CONFORMATION AND DYNAMICS OF 18-CROWN-6, CRYPTAND-222, AND THEIR CATION COMPLEXES IN ACETONITRILE STUDIED BY MOLECULAR-DYNAMICS SIMULATIONS

We have performed MD simulations on 18-crown-6 and cryptand 222 and their metal cation complexes in a solution of acetonitrile in order to gain insight into the conformational preferences of the free ligands and into the solvation patterns of the host-guest complexes in a nonaqueous solvent. In contrast to what was observed in water, the interactions between the free hosts and acetonitrile are not markedly dependent on the conformation of the solute. For uncomplexed 18C6, conformational sampling is performed for 2 ns. The D-3d form is the most populated, followed by the C-1 form observed in the solid state for the free crown. All structures are compared with those previously reported in the solid state and with those most populated in vacuo or in water. Upon complexation of cationic guests (Li+-Cs+, Ca2+, and Eu3+), the first salvation shells reorganize and some MeCN molecules are coordinated to the encapsulated ion. The coordination numbers of the free and complexed cations are computed. Computer experiments also give insights into the nature of ion pairs in acetonitrile. 18C6/K+,Cl- and 18C6/Li+,Cl- remain as intimate ion pairs for at least 50 ps, while 222/K+,Cl- dissociates rapidly.
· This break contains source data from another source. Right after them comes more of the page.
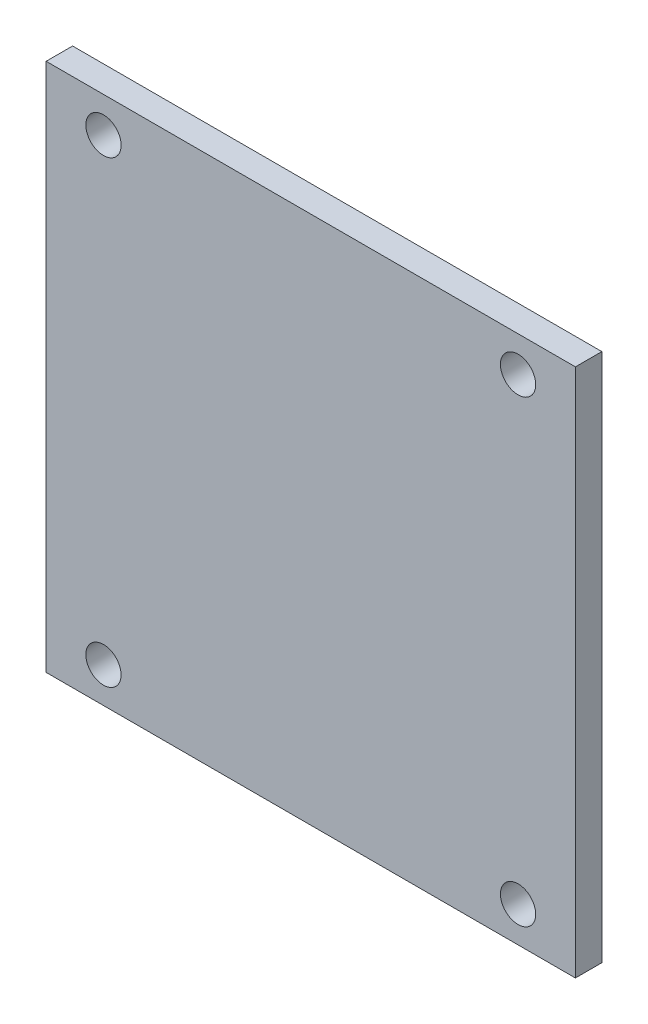
ISO-10303-21;
HEADER;
FILE_DESCRIPTION(('STEP AP214'),'2;1');
FILE_NAME('part.step','',(''),(''),'','','');
FILE_SCHEMA(('AUTOMOTIVE_DESIGN { 1 0 10303 214 1 1 1 1 }'));
ENDSEC;
DATA;
#1=APPLICATION_CONTEXT('core data for automotive mechanical design processes');
#2=APPLICATION_PROTOCOL_DEFINITION('international standard','automotive_design',2000,#1);
#3=PRODUCT_CONTEXT('',#1,'mechanical');
#4=PRODUCT('Part','Part','',(#3));
#5=PRODUCT_RELATED_PRODUCT_CATEGORY('part','',(#4));
#6=PRODUCT_DEFINITION_FORMATION('','',#4);
#7=PRODUCT_DEFINITION_CONTEXT('part definition',#1,'design');
#8=PRODUCT_DEFINITION('design','',#6,#7);
#9=PRODUCT_DEFINITION_SHAPE('','',#8);
#10=(LENGTH_UNIT() NAMED_UNIT(*) SI_UNIT(.MILLI.,.METRE.));
#11=(NAMED_UNIT(*) PLANE_ANGLE_UNIT() SI_UNIT($,.RADIAN.));
#12=(NAMED_UNIT(*) SI_UNIT($,.STERADIAN.) SOLID_ANGLE_UNIT());
#13=UNCERTAINTY_MEASURE_WITH_UNIT(LENGTH_MEASURE(1.E-05),#10,'distance_accuracy_value','');
#14=(GEOMETRIC_REPRESENTATION_CONTEXT(3) GLOBAL_UNCERTAINTY_ASSIGNED_CONTEXT((#13)) GLOBAL_UNIT_ASSIGNED_CONTEXT((#10,
#11,#12)) REPRESENTATION_CONTEXT('',''));
#15=CARTESIAN_POINT('',(0.,0.,0.));
#16=DIRECTION('',(0.,0.,1.));
#17=DIRECTION('',(1.,0.,0.));
#18=AXIS2_PLACEMENT_3D('',#15,#16,#17);
#19=CARTESIAN_POINT('',(30.,-30.,3.));
#20=DIRECTION('',(-1.,0.,0.));
#21=DIRECTION('',(0.,0.,1.));
#22=AXIS2_PLACEMENT_3D('',#19,#20,#21);
#23=PLANE('',#22);
#24=DIRECTION('',(0.,1.,0.));
#25=VECTOR('',#24,1.);
#26=CARTESIAN_POINT('',(30.,-30.,0.));
#27=LINE('',#26,#25);
#28=CARTESIAN_POINT('',(30.,-30.,0.));
#29=VERTEX_POINT('',#28);
#30=CARTESIAN_POINT('',(30.,30.,0.));
#31=VERTEX_POINT('',#30);
#32=EDGE_CURVE('E100',#29,#31,#27,.T.);
#33=ORIENTED_EDGE('',*,*,#32,.T.);
#34=DIRECTION('',(0.,0.,-1.));
#35=VECTOR('',#34,1.);
#36=CARTESIAN_POINT('',(30.,30.,3.));
#37=LINE('',#36,#35);
#38=CARTESIAN_POINT('',(30.,30.,3.));
#39=VERTEX_POINT('',#38);
#40=EDGE_CURVE('E11',#39,#31,#37,.T.);
#41=ORIENTED_EDGE('',*,*,#40,.F.);
#42=DIRECTION('',(0.,1.,0.));
#43=VECTOR('',#42,1.);
#44=CARTESIAN_POINT('',(30.,-30.,3.));
#45=LINE('',#44,#43);
#46=CARTESIAN_POINT('',(30.,-30.,3.));
#47=VERTEX_POINT('',#46);
#48=EDGE_CURVE('E88',#47,#39,#45,.T.);
#49=ORIENTED_EDGE('',*,*,#48,.F.);
#50=DIRECTION('',(0.,0.,-1.));
#51=VECTOR('',#50,1.);
#52=CARTESIAN_POINT('',(30.,-30.,3.));
#53=LINE('',#52,#51);
#54=EDGE_CURVE('E96',#47,#29,#53,.T.);
#55=ORIENTED_EDGE('',*,*,#54,.T.);
#56=EDGE_LOOP('',(#33,#41,#49,#55));
#57=FACE_BOUND('',#56,.T.);
#58=ADVANCED_FACE('F37',(#57),#23,.F.);
#59=CARTESIAN_POINT('',(-30.,30.,3.));
#60=DIRECTION('',(0.,-1.,0.));
#61=DIRECTION('',(0.,0.,-1.));
#62=AXIS2_PLACEMENT_3D('',#59,#60,#61);
#63=PLANE('',#62);
#64=DIRECTION('',(-1.,0.,0.));
#65=VECTOR('',#64,1.);
#66=CARTESIAN_POINT('',(-30.,30.,0.));
#67=LINE('',#66,#65);
#68=CARTESIAN_POINT('',(-30.,30.,0.));
#69=VERTEX_POINT('',#68);
#70=EDGE_CURVE('E92',#31,#69,#67,.T.);
#71=ORIENTED_EDGE('',*,*,#70,.T.);
#72=DIRECTION('',(0.,0.,-1.));
#73=VECTOR('',#72,1.);
#74=CARTESIAN_POINT('',(-30.,30.,3.));
#75=LINE('',#74,#73);
#76=CARTESIAN_POINT('',(-30.,30.,3.));
#77=VERTEX_POINT('',#76);
#78=EDGE_CURVE('E45',#77,#69,#75,.T.);
#79=ORIENTED_EDGE('',*,*,#78,.F.);
#80=DIRECTION('',(-1.,0.,0.));
#81=VECTOR('',#80,1.);
#82=CARTESIAN_POINT('',(-30.,30.,3.));
#83=LINE('',#82,#81);
#84=EDGE_CURVE('E83',#39,#77,#83,.T.);
#85=ORIENTED_EDGE('',*,*,#84,.F.);
#86=ORIENTED_EDGE('',*,*,#40,.T.);
#87=EDGE_LOOP('',(#71,#79,#85,#86));
#88=FACE_BOUND('',#87,.T.);
#89=ADVANCED_FACE('F91',(#88),#63,.F.);
#90=CARTESIAN_POINT('',(-30.,-30.,3.));
#91=DIRECTION('',(1.,0.,0.));
#92=DIRECTION('',(0.,0.,-1.));
#93=AXIS2_PLACEMENT_3D('',#90,#91,#92);
#94=PLANE('',#93);
#95=DIRECTION('',(0.,-1.,0.));
#96=VECTOR('',#95,1.);
#97=CARTESIAN_POINT('',(-30.,-30.,0.));
#98=LINE('',#97,#96);
#99=CARTESIAN_POINT('',(-30.,-30.,0.));
#100=VERTEX_POINT('',#99);
#101=EDGE_CURVE('E70',#69,#100,#98,.T.);
#102=ORIENTED_EDGE('',*,*,#101,.T.);
#103=DIRECTION('',(0.,0.,-1.));
#104=VECTOR('',#103,1.);
#105=CARTESIAN_POINT('',(-30.,-30.,3.));
#106=LINE('',#105,#104);
#107=CARTESIAN_POINT('',(-30.,-30.,3.));
#108=VERTEX_POINT('',#107);
#109=EDGE_CURVE('E93',#108,#100,#106,.T.);
#110=ORIENTED_EDGE('',*,*,#109,.F.);
#111=DIRECTION('',(0.,-1.,0.));
#112=VECTOR('',#111,1.);
#113=CARTESIAN_POINT('',(-30.,-30.,3.));
#114=LINE('',#113,#112);
#115=EDGE_CURVE('E86',#77,#108,#114,.T.);
#116=ORIENTED_EDGE('',*,*,#115,.F.);
#117=ORIENTED_EDGE('',*,*,#78,.T.);
#118=EDGE_LOOP('',(#102,#110,#116,#117));
#119=FACE_BOUND('',#118,.T.);
#120=ADVANCED_FACE('F94',(#119),#94,.F.);
#121=CARTESIAN_POINT('',(-30.,-30.,3.));
#122=DIRECTION('',(0.,1.,0.));
#123=DIRECTION('',(0.,0.,1.));
#124=AXIS2_PLACEMENT_3D('',#121,#122,#123);
#125=PLANE('',#124);
#126=DIRECTION('',(1.,0.,0.));
#127=VECTOR('',#126,1.);
#128=CARTESIAN_POINT('',(-30.,-30.,0.));
#129=LINE('',#128,#127);
#130=EDGE_CURVE('E76',#100,#29,#129,.T.);
#131=ORIENTED_EDGE('',*,*,#130,.T.);
#132=ORIENTED_EDGE('',*,*,#54,.F.);
#133=DIRECTION('',(1.,0.,0.));
#134=VECTOR('',#133,1.);
#135=CARTESIAN_POINT('',(-30.,-30.,3.));
#136=LINE('',#135,#134);
#137=EDGE_CURVE('E53',#108,#47,#136,.T.);
#138=ORIENTED_EDGE('',*,*,#137,.F.);
#139=ORIENTED_EDGE('',*,*,#109,.T.);
#140=EDGE_LOOP('',(#131,#132,#138,#139));
#141=FACE_BOUND('',#140,.T.);
#142=ADVANCED_FACE('F108',(#141),#125,.F.);
#143=CARTESIAN_POINT('',(0.,0.,3.));
#144=DIRECTION('',(0.,0.,-1.));
#145=DIRECTION('',(-1.,0.,0.));
#146=AXIS2_PLACEMENT_3D('',#143,#144,#145);
#147=PLANE('',#146);
#148=CARTESIAN_POINT('',(23.4999999999999,-26.0000000000001,3.));
#149=DIRECTION('',(0.,0.,1.));
#150=DIRECTION('',(1.,0.,0.));
#151=AXIS2_PLACEMENT_3D('',#148,#149,#150);
#152=CIRCLE('',#151,2.);
#153=CARTESIAN_POINT('',(25.4999999999999,-26.0000000000001,3.));
#154=VERTEX_POINT('',#153);
#155=EDGE_CURVE('E123',#154,#154,#152,.T.);
#156=ORIENTED_EDGE('',*,*,#155,.F.);
#157=EDGE_LOOP('',(#156));
#158=FACE_BOUND('',#157,.T.);
#159=CARTESIAN_POINT('',(-23.4999999999999,-26.0000000000001,3.));
#160=DIRECTION('',(0.,0.,1.));
#161=DIRECTION('',(1.,0.,0.));
#162=AXIS2_PLACEMENT_3D('',#159,#160,#161);
#163=CIRCLE('',#162,2.);
#164=CARTESIAN_POINT('',(-21.4999999999999,-26.0000000000001,3.));
#165=VERTEX_POINT('',#164);
#166=EDGE_CURVE('E129',#165,#165,#163,.T.);
#167=ORIENTED_EDGE('',*,*,#166,.F.);
#168=EDGE_LOOP('',(#167));
#169=FACE_BOUND('',#168,.T.);
#170=CARTESIAN_POINT('',(-23.4999999999999,26.0000000000001,3.));
#171=DIRECTION('',(0.,0.,1.));
#172=DIRECTION('',(1.,0.,0.));
#173=AXIS2_PLACEMENT_3D('',#170,#171,#172);
#174=CIRCLE('',#173,2.);
#175=CARTESIAN_POINT('',(-21.4999999999999,26.0000000000001,3.));
#176=VERTEX_POINT('',#175);
#177=EDGE_CURVE('E117',#176,#176,#174,.T.);
#178=ORIENTED_EDGE('',*,*,#177,.F.);
#179=EDGE_LOOP('',(#178));
#180=FACE_BOUND('',#179,.T.);
#181=CARTESIAN_POINT('',(23.4999999999999,26.0000000000001,3.));
#182=DIRECTION('',(0.,0.,1.));
#183=DIRECTION('',(1.,0.,0.));
#184=AXIS2_PLACEMENT_3D('',#181,#182,#183);
#185=CIRCLE('',#184,2.);
#186=CARTESIAN_POINT('',(25.4999999999999,26.0000000000001,3.));
#187=VERTEX_POINT('',#186);
#188=EDGE_CURVE('E103',#187,#187,#185,.T.);
#189=ORIENTED_EDGE('',*,*,#188,.F.);
#190=EDGE_LOOP('',(#189));
#191=FACE_BOUND('',#190,.T.);
#192=ORIENTED_EDGE('',*,*,#48,.T.);
#193=ORIENTED_EDGE('',*,*,#84,.T.);
#194=ORIENTED_EDGE('',*,*,#115,.T.);
#195=ORIENTED_EDGE('',*,*,#137,.T.);
#196=EDGE_LOOP('',(#192,#193,#194,#195));
#197=FACE_BOUND('',#196,.T.);
#198=ADVANCED_FACE('F84',(#158,#169,#180,#191,#197),#147,.F.);
#199=CARTESIAN_POINT('',(0.,0.,0.));
#200=DIRECTION('',(0.,0.,-1.));
#201=DIRECTION('',(-1.,0.,0.));
#202=AXIS2_PLACEMENT_3D('',#199,#200,#201);
#203=PLANE('',#202);
#204=CARTESIAN_POINT('',(23.4999999999999,-26.0000000000001,0.));
#205=DIRECTION('',(0.,0.,1.));
#206=DIRECTION('',(1.,0.,0.));
#207=AXIS2_PLACEMENT_3D('',#204,#205,#206);
#208=CIRCLE('',#207,2.);
#209=CARTESIAN_POINT('',(25.4999999999999,-26.0000000000001,0.));
#210=VERTEX_POINT('',#209);
#211=EDGE_CURVE('E120',#210,#210,#208,.T.);
#212=ORIENTED_EDGE('',*,*,#211,.T.);
#213=EDGE_LOOP('',(#212));
#214=FACE_BOUND('',#213,.T.);
#215=CARTESIAN_POINT('',(-23.4999999999999,-26.0000000000001,0.));
#216=DIRECTION('',(0.,0.,1.));
#217=DIRECTION('',(1.,0.,0.));
#218=AXIS2_PLACEMENT_3D('',#215,#216,#217);
#219=CIRCLE('',#218,2.);
#220=CARTESIAN_POINT('',(-21.4999999999999,-26.0000000000001,0.));
#221=VERTEX_POINT('',#220);
#222=EDGE_CURVE('E126',#221,#221,#219,.T.);
#223=ORIENTED_EDGE('',*,*,#222,.T.);
#224=EDGE_LOOP('',(#223));
#225=FACE_BOUND('',#224,.T.);
#226=CARTESIAN_POINT('',(-23.4999999999999,26.0000000000001,0.));
#227=DIRECTION('',(0.,0.,1.));
#228=DIRECTION('',(1.,0.,0.));
#229=AXIS2_PLACEMENT_3D('',#226,#227,#228);
#230=CIRCLE('',#229,2.);
#231=CARTESIAN_POINT('',(-21.4999999999999,26.0000000000001,0.));
#232=VERTEX_POINT('',#231);
#233=EDGE_CURVE('E132',#232,#232,#230,.T.);
#234=ORIENTED_EDGE('',*,*,#233,.T.);
#235=EDGE_LOOP('',(#234));
#236=FACE_BOUND('',#235,.T.);
#237=CARTESIAN_POINT('',(23.4999999999999,26.0000000000001,0.));
#238=DIRECTION('',(0.,0.,1.));
#239=DIRECTION('',(1.,0.,0.));
#240=AXIS2_PLACEMENT_3D('',#237,#238,#239);
#241=CIRCLE('',#240,2.);
#242=CARTESIAN_POINT('',(25.4999999999999,26.0000000000001,0.));
#243=VERTEX_POINT('',#242);
#244=EDGE_CURVE('E114',#243,#243,#241,.T.);
#245=ORIENTED_EDGE('',*,*,#244,.T.);
#246=EDGE_LOOP('',(#245));
#247=FACE_BOUND('',#246,.T.);
#248=ORIENTED_EDGE('',*,*,#32,.F.);
#249=ORIENTED_EDGE('',*,*,#130,.F.);
#250=ORIENTED_EDGE('',*,*,#101,.F.);
#251=ORIENTED_EDGE('',*,*,#70,.F.);
#252=EDGE_LOOP('',(#248,#249,#250,#251));
#253=FACE_BOUND('',#252,.T.);
#254=ADVANCED_FACE('F111',(#214,#225,#236,#247,#253),#203,.T.);
#255=CARTESIAN_POINT('',(23.4999999999999,26.0000000000001,3.));
#256=DIRECTION('',(0.,0.,-1.));
#257=DIRECTION('',(-1.,0.,0.));
#258=AXIS2_PLACEMENT_3D('',#255,#256,#257);
#259=CYLINDRICAL_SURFACE('',#258,2.);
#260=ORIENTED_EDGE('',*,*,#188,.T.);
#261=EDGE_LOOP('',(#260));
#262=FACE_BOUND('',#261,.T.);
#263=ORIENTED_EDGE('',*,*,#244,.F.);
#264=EDGE_LOOP('',(#263));
#265=FACE_BOUND('',#264,.T.);
#266=ADVANCED_FACE('F147',(#262,#265),#259,.F.);
#267=CARTESIAN_POINT('',(-23.4999999999999,26.0000000000001,3.));
#268=DIRECTION('',(0.,0.,-1.));
#269=DIRECTION('',(-1.,0.,0.));
#270=AXIS2_PLACEMENT_3D('',#267,#268,#269);
#271=CYLINDRICAL_SURFACE('',#270,2.);
#272=ORIENTED_EDGE('',*,*,#177,.T.);
#273=EDGE_LOOP('',(#272));
#274=FACE_BOUND('',#273,.T.);
#275=ORIENTED_EDGE('',*,*,#233,.F.);
#276=EDGE_LOOP('',(#275));
#277=FACE_BOUND('',#276,.T.);
#278=ADVANCED_FACE('F138',(#274,#277),#271,.F.);
#279=CARTESIAN_POINT('',(-23.4999999999999,-26.0000000000001,3.));
#280=DIRECTION('',(0.,0.,-1.));
#281=DIRECTION('',(-1.,0.,0.));
#282=AXIS2_PLACEMENT_3D('',#279,#280,#281);
#283=CYLINDRICAL_SURFACE('',#282,2.);
#284=ORIENTED_EDGE('',*,*,#166,.T.);
#285=EDGE_LOOP('',(#284));
#286=FACE_BOUND('',#285,.T.);
#287=ORIENTED_EDGE('',*,*,#222,.F.);
#288=EDGE_LOOP('',(#287));
#289=FACE_BOUND('',#288,.T.);
#290=ADVANCED_FACE('F199',(#286,#289),#283,.F.);
#291=CARTESIAN_POINT('',(23.4999999999999,-26.0000000000001,3.));
#292=DIRECTION('',(0.,0.,-1.));
#293=DIRECTION('',(-1.,0.,0.));
#294=AXIS2_PLACEMENT_3D('',#291,#292,#293);
#295=CYLINDRICAL_SURFACE('',#294,2.);
#296=ORIENTED_EDGE('',*,*,#155,.T.);
#297=EDGE_LOOP('',(#296));
#298=FACE_BOUND('',#297,.T.);
#299=ORIENTED_EDGE('',*,*,#211,.F.);
#300=EDGE_LOOP('',(#299));
#301=FACE_BOUND('',#300,.T.);
#302=ADVANCED_FACE('F209',(#298,#301),#295,.F.);
#303=CLOSED_SHELL('',(#58,#89,#120,#142,#198,#254,#266,#278,#290,#302));
#304=MANIFOLD_SOLID_BREP('B2',#303);
#305=ADVANCED_BREP_SHAPE_REPRESENTATION('',(#18,#304),#14);
#306=SHAPE_DEFINITION_REPRESENTATION(#9,#305);
ENDSEC;
END-ISO-10303-21;

The complexes of 18C6 with Na+, Ca2+, and Eu3+ dissociate in acetonitrile but have lifetimes larger than 150 ps when Cl- counterions forming intimate ion pairs are included in the simulation. Finally, we report the first free energy simulations for the complexation of alkali cations in acetonitrile. A qualitative agreement is found with experiment concerning the relative orders of stabilities and the ''recognition'' by 222 of K+ among Li+, Na+, Rb+, and Cs+ cations.